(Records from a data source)
********
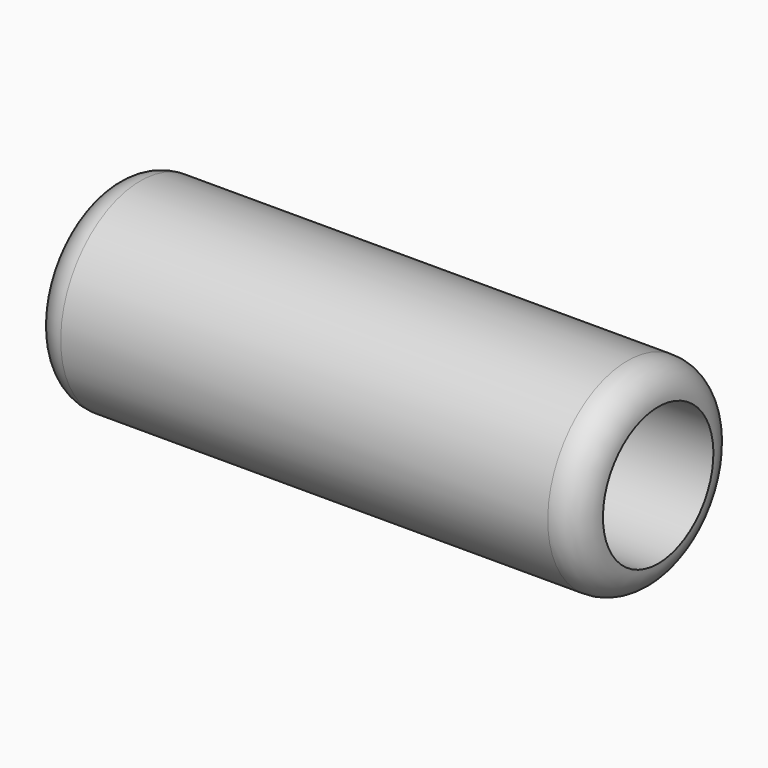
from build123d import *

# Parameters (mm, degrees)
F2_R = 6.34999


# Not quite as in the source:
# - a fillet or chamfer is up to 0.001 mm smaller than in the source, because OpenCascade refuses the exact size


with BuildPart() as f1:
    # F0 (on Front) → F1 (revolve)
    with BuildSketch(Plane.XZ):
        Polygon((-48.2103834725, -19.5578883292), (-48.2103834725, -35.4328883292), (65.3022165275, -35.4328883292), (65.3022165275, -29.0828883292), (-44.2479834725, -29.0828883292), (-44.2479834725, -19.5578883292), align=None)
    revolve(axis=Axis((10.06000489, 0, -14.7953883292), (1, 0, 0)))

    # F2 (radius 6.35 in the source; OpenCascade refuses exactly that, so slightly less here)
    f2_edges = [f1.edges().sort_by_distance(p)[0] for p in [
        (-48.210383, 0, 5.842112),
        (65.302217, 0, 5.842112),
    ]]
    fillet(f2_edges, radius=F2_R)


solid = f1.part
********
From the data above, pick out each line containing "refuses" and copy it.

Solution for this exercise:
# - a fillet or chamfer is up to 0.001 mm smaller than in the source, because OpenCascade refuses the exact size
    # F2 (radius 6.35 in the source; OpenCascade refuses exactly that, so slightly less here)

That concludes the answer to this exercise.